Ik ben een wijnkaart aan het vertalen en worstel met enkele typische wijntermen waarvan ik nergens een officiële vertaling vind.

Het gaat om:


vinosité
foudre (een groot wijnvat)
un vin racé
une bouche (waarna een beschrijving komt: complexe, acidulée ...)
gras (sommigen vertalen dit als vet, anderen als stroperig of boterig)
gourmand
Alvast bedankt voor jullie hulp!


----------



## Bull's Eye

Ik heb er intussen zelf al enkele gevonden:

vinosité: vineus
foudre: onbestaand in het Nederlands
gras: vet

bron: Superwijn


----------



## Hans Molenslag

Lambiekbrouwers in het Pajottenland en brouwers van Vlaams oud bruin bier gebruiken dezelfde reusachtige houten vaten om hun bier te laten rijpen. Ze noemen die – hoe kan het ook anders – _foeders_.

bierwoordenboek.com/foeder


----------



## eno2

De wijn verteert de eerste maanden op _*fust*_ (Van Dale online)


----------



## Brownpaperbag

_bouche _wordt met _mond _vertaald zie ik op google (fruitige mond).


----------



## Hans Molenslag

eno2 said:


> De wijn verteert de eerste maanden op _*fust*_ (Van Dale online)

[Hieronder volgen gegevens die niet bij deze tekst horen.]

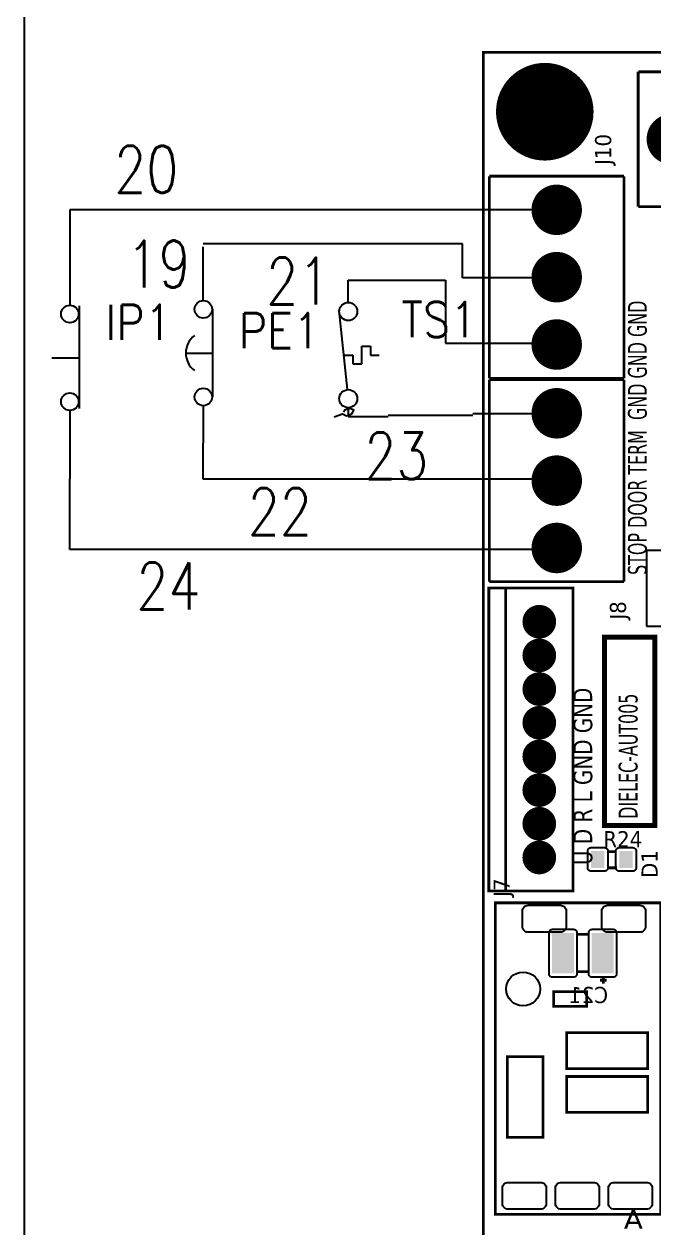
# Model space of a CAD drawing. Header units: millimetres. Extents: x 123.5 to 144.3, y 105.4 to 121.6.
# Drawn here: x 123.51 to 126.88, y 109.2 to 115.63 of the extents above; entities that cross this region are included whole.
import ezdxf
from ezdxf.enums import TextEntityAlignment as Align

# ---------------------------------------------------------------- set-up
doc = ezdxf.new("R2010")
doc.units = ezdxf.units.MM
for name, color, linetype in [('DESC', 250, 'Continuous'), ('SYMS', 7, 'Continuous'), ('TAGS', 250, 'Continuous'), ('WIREFIXED', 7, 'Continuous'), ('WIRES', 7, 'Continuous')]:
    doc.layers.add(name, color=color, linetype=linetype)
doc.styles.get("Standard").update_dxf_attribs({"font": 'tahoma.ttf'})
doc.styles.add('WD', font='romans.shx')

# ---------------------------------------------------------------- blocks, each defined once
blk = doc.blocks.new('RPAD')
blk.add_trace([(-0.5, -0.5), (-0.5, 0.5), (0.5, -0.5), (0.5, 0.5)])
blk = doc.blocks.new('EPAD')
at = {"const_width": 0.5}
blk.add_lwpolyline([(-0.25, 0, 1), (0.25, 0, 1)], format="xyb", close=True, dxfattribs=at)
blk = doc.blocks.new('card')
for points, const_width in [([(107.5319, 110.444), (113.6676, 110.444), (113.6676, 116.3461), (107.5319, 116.3461), (107.5319, 110.444)], 0.012), ([(107.5319, 110.444), (113.6676, 110.444), (113.6676, 116.3461), (107.5319, 116.3461), (107.5319, 110.444)], 0.012), ([(107.5319, 110.444), (113.6676, 110.444), (113.6676, 116.3461), (107.5319, 116.3461), (107.5319, 110.444)], 0.012), ([(108.2221, 116.2598), (108.2221, 115.6598)], 0.012), ([(108.2221, 116.2598), (108.8221, 116.2598)], 0.012), ([(108.2221, 116.2598), (108.2221, 115.6598)], 0.012), ([(108.2221, 116.2598), (108.8221, 116.2598)], 0.012), ([(108.2221, 116.2598), (108.2221, 115.6598)], 0.012), ([(108.2221, 116.2598), (108.8221, 116.2598)], 0.012), ([(108.1588, 115.795), (107.5588, 115.795)], 0.012), ([(107.5588, 115.795), (107.5588, 114.895)], 0.012), ([(108.1588, 115.795), (107.5588, 115.795)], 0.012), ([(107.5588, 115.795), (107.5588, 114.895)], 0.012), ([(108.1588, 115.795), (107.5588, 115.795)], 0.012), ([(107.5588, 115.795), (107.5588, 114.895)], 0.012), ([(108.1588, 114.895), (108.1588, 115.795)], 0.012), ([(108.1588, 114.895), (108.1588, 115.795)], 0.012), ([(108.1588, 114.895), (108.1588, 115.795)], 0.012), ([(108.2221, 115.6598), (108.8221, 115.6598)], 0.012), ([(108.2221, 115.6598), (108.8221, 115.6598)], 0.012), ([(108.2221, 115.6598), (108.8221, 115.6598)], 0.012), ([(108.1588, 114.895), (107.5588, 114.895)], 0.012), ([(108.1588, 114.895), (107.5588, 114.895)], 0.012), ([(108.1588, 114.895), (107.5588, 114.895)], 0.012), ([(108.159, 114.8887), (107.559, 114.8887)], 0.012), ([(107.559, 114.8887), (107.559, 113.9887)], 0.012), ([(108.159, 114.8887), (107.559, 114.8887)], 0.012), ([(107.559, 114.8887), (107.559, 113.9887)], 0.012), ([(108.159, 114.8887), (107.559, 114.8887)], 0.012), ([(107.559, 114.8887), (107.559, 113.9887)], 0.012), ([(108.159, 113.9887), (108.159, 114.8887)], 0.012), ([(108.159, 113.9887), (108.159, 114.8887)], 0.012), ([(108.159, 113.9887), (108.159, 114.8887)], 0.012), ([(107.5562, 112.6101), (107.9312, 112.6101), (107.9312, 113.9601), (107.5562, 113.9601), (107.5562, 112.6101)], 0.012), ([(107.5562, 112.6101), (107.9312, 112.6101), (107.9312, 113.9601), (107.5562, 113.9601), (107.5562, 112.6101)], 0.012), ([(107.5562, 112.6101), (107.9312, 112.6101), (107.9312, 113.9601), (107.5562, 113.9601), (107.5562, 112.6101)], 0.012), ([(108.159, 113.9887), (107.559, 113.9887)], 0.012), ([(108.159, 113.9887), (107.559, 113.9887)], 0.012), ([(108.159, 113.9887), (107.559, 113.9887)], 0.012), ([(107.6312, 112.6101), (107.6312, 113.9601)], 0.012), ([(107.6312, 112.6101), (107.6312, 113.9601)], 0.012), ([(107.6312, 112.6101), (107.6312, 113.9601)], 0.012), ([(108.0715, 112.9027), (108.2959, 112.9027), (108.2959, 113.7412), (108.0715, 113.7412), (108.0715, 112.9027)], 0.0225), ([(108.0715, 112.9027), (108.2959, 112.9027), (108.2959, 113.7412), (108.0715, 113.7412), (108.0715, 112.9027)], 0.0225), ([(108.0715, 112.9027), (108.2959, 112.9027), (108.2959, 113.7412), (108.0715, 113.7412), (108.0715, 112.9027)], 0.0225), ([(108.0854, 112.7858), (108.1259, 112.7858)], 0.012), ([(108.0854, 112.7858), (108.1259, 112.7858)], 0.012), ([(108.0854, 112.7858), (108.1259, 112.7858)], 0.012), ([(108.0854, 112.7138), (108.1274, 112.7138)], 0.012), ([(108.0854, 112.7138), (108.1274, 112.7138)], 0.012), ([(108.0854, 112.7138), (108.1274, 112.7138)], 0.012), ([(107.5849, 111.1702), (108.323, 111.1702), (108.323, 112.5579), (107.5849, 112.5579), (107.5849, 111.1702)], 0.012), ([(107.5849, 111.1702), (108.323, 111.1702), (108.323, 112.5579), (107.5849, 112.5579), (107.5849, 111.1702)], 0.012), ([(107.5849, 111.1702), (108.323, 111.1702), (108.323, 112.5579), (107.5849, 112.5579), (107.5849, 111.1702)], 0.012), ([(107.9468, 112.4174), (108.0053, 112.4174)], 0.012), ([(107.9468, 112.4174), (108.0053, 112.4174)], 0.012), ([(107.9468, 112.4174), (108.0053, 112.4174)], 0.012), ([(107.9468, 112.2509), (108.0038, 112.2509)], 0.012), ([(107.9468, 112.2509), (108.0038, 112.2509)], 0.012), ([(107.9468, 112.2509), (108.0038, 112.2509)], 0.012), ([(108.0518, 112.2134), (108.0818, 112.2134)], 0.012), ([(108.0518, 112.2134), (108.0818, 112.2134)], 0.012), ([(108.0518, 112.2134), (108.0818, 112.2134)], 0.012), ([(108.0668, 112.2284), (108.0668, 112.1984)], 0.012), ([(108.0668, 112.2284), (108.0668, 112.1984)], 0.012), ([(108.0668, 112.2284), (108.0668, 112.1984)], 0.012), ([(107.8447, 112.0973), (107.9923, 112.0973), (107.9923, 112.1623), (107.8447, 112.1623), (107.8447, 112.0973)], 0.012), ([(107.8447, 112.0973), (107.9923, 112.0973), (107.9923, 112.1623), (107.8447, 112.1623), (107.8447, 112.0973)], 0.012), ([(107.8447, 112.0973), (107.9923, 112.0973), (107.9923, 112.1623), (107.8447, 112.1623), (107.8447, 112.0973)], 0.012), ([(107.9038, 111.8198), (108.264, 111.8198), (108.264, 111.9792), (107.9038, 111.9792), (107.9038, 111.8198)], 0.012), ([(107.9038, 111.8198), (108.264, 111.8198), (108.264, 111.9792), (107.9038, 111.9792), (107.9038, 111.8198)], 0.012), ([(107.9038, 111.8198), (108.264, 111.8198), (108.264, 111.9792), (107.9038, 111.9792), (107.9038, 111.8198)], 0.012), ([(107.638, 111.5127), (107.7975, 111.5127), (107.7975, 111.8729), (107.638, 111.8729), (107.638, 111.5127)], 0.012), ([(107.638, 111.5127), (107.7975, 111.5127), (107.7975, 111.8729), (107.638, 111.8729), (107.638, 111.5127)], 0.012), ([(107.638, 111.5127), (107.7975, 111.5127), (107.7975, 111.8729), (107.638, 111.8729), (107.638, 111.5127)], 0.012), ([(107.9038, 111.6249), (108.264, 111.6249), (108.264, 111.7843), (107.9038, 111.7843), (107.9038, 111.6249)], 0.012), ([(107.9038, 111.6249), (108.264, 111.6249), (108.264, 111.7843), (107.9038, 111.7843), (107.9038, 111.6249)], 0.012), ([(107.9038, 111.6249), (108.264, 111.6249), (108.264, 111.7843), (107.9038, 111.7843), (107.9038, 111.6249)], 0.012)]:
    blk.add_lwpolyline(points, dxfattribs=dict(const_width=const_width))
blk.add_lwpolyline([(108.2594, 113.7903), (109.8794, 113.7903), (109.8794, 114.1273), (108.2594, 114.1273), (108.2594, 113.7903)])
for points in [[(108.0119, 112.8038), (108.0719, 112.8038), (108.0734, 112.8037), (108.0749, 112.8035), (108.0764, 112.8031), (108.0778, 112.8026), (108.0791, 112.802), (108.0803, 112.8013), (108.0815, 112.8004), (108.0825, 112.7994), (108.0835, 112.7984), (108.0844, 112.7972), (108.0851, 112.796), (108.0857, 112.7947), (108.0862, 112.7933), (108.0866, 112.7918), (108.0868, 112.7903), (108.0869, 112.7888), (108.0869, 112.7138), (108.0868, 112.7122), (108.0866, 112.7107), (108.0862, 112.7093), (108.0857, 112.7079), (108.0851, 112.7066), (108.0844, 112.7053), (108.0835, 112.7042), (108.0825, 112.7031), (108.0815, 112.7021), (108.0803, 112.7013), (108.0791, 112.7006), (108.0778, 112.6999), (108.0764, 112.6994), (108.0749, 112.6991), (108.0734, 112.6988), (108.0719, 112.6988), (108.0119, 112.6988), (108.0103, 112.6988), (108.0088, 112.6991), (108.0074, 112.6994), (108.006, 112.6999), (108.0047, 112.7006), (108.0034, 112.7013), (108.0023, 112.7021), (108.0012, 112.7031), (108.0002, 112.7042), (107.9994, 112.7053), (107.9987, 112.7066), (107.998, 112.7079), (107.9975, 112.7093), (107.9972, 112.7107), (107.9969, 112.7122), (107.9969, 112.7138), (107.9969, 112.7888), (107.9969, 112.7903), (107.9972, 112.7918), (107.9975, 112.7933), (107.998, 112.7947), (107.9987, 112.796), (107.9994, 112.7972), (108.0002, 112.7984), (108.0012, 112.7994), (108.0023, 112.8004), (108.0034, 112.8013), (108.0047, 112.802), (108.006, 112.8026), (108.0074, 112.8031), (108.0088, 112.8035), (108.0103, 112.8037), (108.0119, 112.8038)], [(108.1379, 112.8038), (108.1979, 112.8038), (108.1994, 112.8037), (108.2009, 112.8035), (108.2024, 112.8031), (108.2038, 112.8026), (108.2051, 112.802), (108.2063, 112.8013), (108.2075, 112.8004), (108.2085, 112.7994), (108.2095, 112.7984), (108.2104, 112.7972), (108.2111, 112.796), (108.2117, 112.7947), (108.2122, 112.7933), (108.2126, 112.7918), (108.2128, 112.7903), (108.2129, 112.7888), (108.2129, 112.7138), (108.2128, 112.7122), (108.2126, 112.7107), (108.2122, 112.7093), (108.2117, 112.7079), (108.2111, 112.7066), (108.2104, 112.7053), (108.2095, 112.7042), (108.2085, 112.7031), (108.2075, 112.7021), (108.2063, 112.7013), (108.2051, 112.7006), (108.2038, 112.6999), (108.2024, 112.6994), (108.2009, 112.6991), (108.1994, 112.6988), (108.1979, 112.6988), (108.1379, 112.6988), (108.1363, 112.6988), (108.1348, 112.6991), (108.1334, 112.6994), (108.132, 112.6999), (108.1307, 112.7006), (108.1294, 112.7013), (108.1283, 112.7021), (108.1272, 112.7031), (108.1262, 112.7042), (108.1254, 112.7053), (108.1247, 112.7066), (108.124, 112.7079), (108.1235, 112.7093), (108.1232, 112.7107), (108.1229, 112.7122), (108.1229, 112.7138), (108.1229, 112.7888), (108.1229, 112.7903), (108.1232, 112.7918), (108.1235, 112.7933), (108.124, 112.7947), (108.1247, 112.796), (108.1254, 112.7972), (108.1262, 112.7984), (108.1272, 112.7994), (108.1283, 112.8004), (108.1294, 112.8013), (108.1307, 112.802), (108.132, 112.8026), (108.1334, 112.8031), (108.1348, 112.8035), (108.1363, 112.8037), (108.1379, 112.8038)], [(107.9009, 112.5216), (107.9009, 112.4526), (107.9004, 112.4474), (107.8989, 112.4425), (107.8966, 112.4382), (107.8935, 112.4345), (107.8897, 112.4314), (107.8854, 112.4291), (107.8806, 112.4276), (107.8754, 112.4271), (107.7314, 112.4271), (107.7261, 112.4276), (107.7213, 112.4291), (107.717, 112.4314), (107.7132, 112.4345), (107.7101, 112.4382), (107.7078, 112.4425), (107.7064, 112.4474), (107.7059, 112.4526), (107.7059, 112.5216), (107.7064, 112.5268), (107.7078, 112.5316), (107.7101, 112.536), (107.7132, 112.5397), (107.717, 112.5428), (107.7213, 112.5451), (107.7261, 112.5466), (107.7314, 112.5471), (107.8754, 112.5471), (107.8806, 112.5466), (107.8854, 112.5451), (107.8897, 112.5428), (107.8935, 112.5397), (107.8966, 112.536), (107.8989, 112.5316), (107.9004, 112.5268), (107.9009, 112.5216)], [(108.2552, 112.5216), (108.2552, 112.4526), (108.2547, 112.4474), (108.2532, 112.4425), (108.2509, 112.4382), (108.2478, 112.4345), (108.2441, 112.4314), (108.2397, 112.4291), (108.2349, 112.4276), (108.2297, 112.4271), (108.0857, 112.4271), (108.0805, 112.4276), (108.0757, 112.4291), (108.0713, 112.4314), (108.0676, 112.4345), (108.0645, 112.4382), (108.0622, 112.4425), (108.0607, 112.4474), (108.0602, 112.4526), (108.0602, 112.5216), (108.0607, 112.5268), (108.0622, 112.5316), (108.0645, 112.536), (108.0676, 112.5397), (108.0713, 112.5428), (108.0757, 112.5451), (108.0805, 112.5466), (108.0857, 112.5471), (108.2297, 112.5471), (108.2349, 112.5466), (108.2397, 112.5451), (108.2441, 112.5428), (108.2478, 112.5397), (108.2509, 112.536), (108.2532, 112.5316), (108.2547, 112.5268), (108.2552, 112.5216)], [(107.8381, 112.2284), (107.9356, 112.2284), (107.9371, 112.2285), (107.9386, 112.2287), (107.9401, 112.229), (107.9415, 112.2295), (107.9428, 112.2302), (107.944, 112.2309), (107.9452, 112.2318), (107.9462, 112.2327), (107.9472, 112.2338), (107.948, 112.2349), (107.9488, 112.2362), (107.9494, 112.2375), (107.9499, 112.2389), (107.9503, 112.2403), (107.9505, 112.2418), (107.9506, 112.2434), (107.9506, 112.4234), (107.9505, 112.4249), (107.9503, 112.4264), (107.9499, 112.4279), (107.9494, 112.4293), (107.9488, 112.4306), (107.948, 112.4318), (107.9472, 112.433), (107.9462, 112.434), (107.9452, 112.435), (107.944, 112.4359), (107.9428, 112.4366), (107.9415, 112.4372), (107.9401, 112.4377), (107.9386, 112.4381), (107.9371, 112.4383), (107.9356, 112.4384), (107.8381, 112.4384), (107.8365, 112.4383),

Een _fût_ is niet hetzelfde als een _foudre_. Een _foudre_ is een uitzonderlijk groot houten wijn- of biervat, zeg maar gerust groter dan een gemiddeld studentenkamertje.


----------



## Bull's Eye

Bedankt voor de hulp!


----------



## eno2

Ik heb niet gezocht naar vertalingen voor foudre, de geijkte Nederlandse term voor een wijnvat  is FUST, dat wist ik zo.
Bij het zoeken naar de andere opgevraagde termen, die evenwel niet verschenen,  kwam ik als enige foudre tegen in het wijnwoordenboek:


> Wijnstudio wijnwoordenboek - Wijnstudio
> *Foudre *
> 
> Franse term voor een zeer groot houten wijnvat.



Dat zou dus betekenen dat er geen algemeen Nederlands woord voor bestaat.

Franse definitie: 



> *Foudre* (récipient) Le *foudre* est un tonneau de très grande capacité, équivalent à plusieurs barriques. Il sert au stockage des alcools : *vin*, cognac, bière rouge. Par exemple, le « Grand tonneau » d'une capacité de 221 726 litres fut installé en 1751 dans la cave du Château d'Heidelberg en Allemagne.
> *Foudre (récipient) — Wikipédia*
> https://fr.*wiki*pedia.org/*wiki*/*Foudre*_(récipient)


----------



## Hans Molenslag

O jee, daar gaan we weer...


eno2 said:


> Ik heb niet gezocht naar vertalingen voor foudre


Maar dat was nu juist de vraag! Wat is de Nederlandse term voor _foudre_?



eno2 said:


> Bij het zoeken naar de andere opgevraagde termen, die evenwel niet verschenen,  kwam ik als enige foudre tegen in het wijnwoordenboek:
> Dat zou dus betekenen dat er geen algemeen Nederlands woord voor bestaat.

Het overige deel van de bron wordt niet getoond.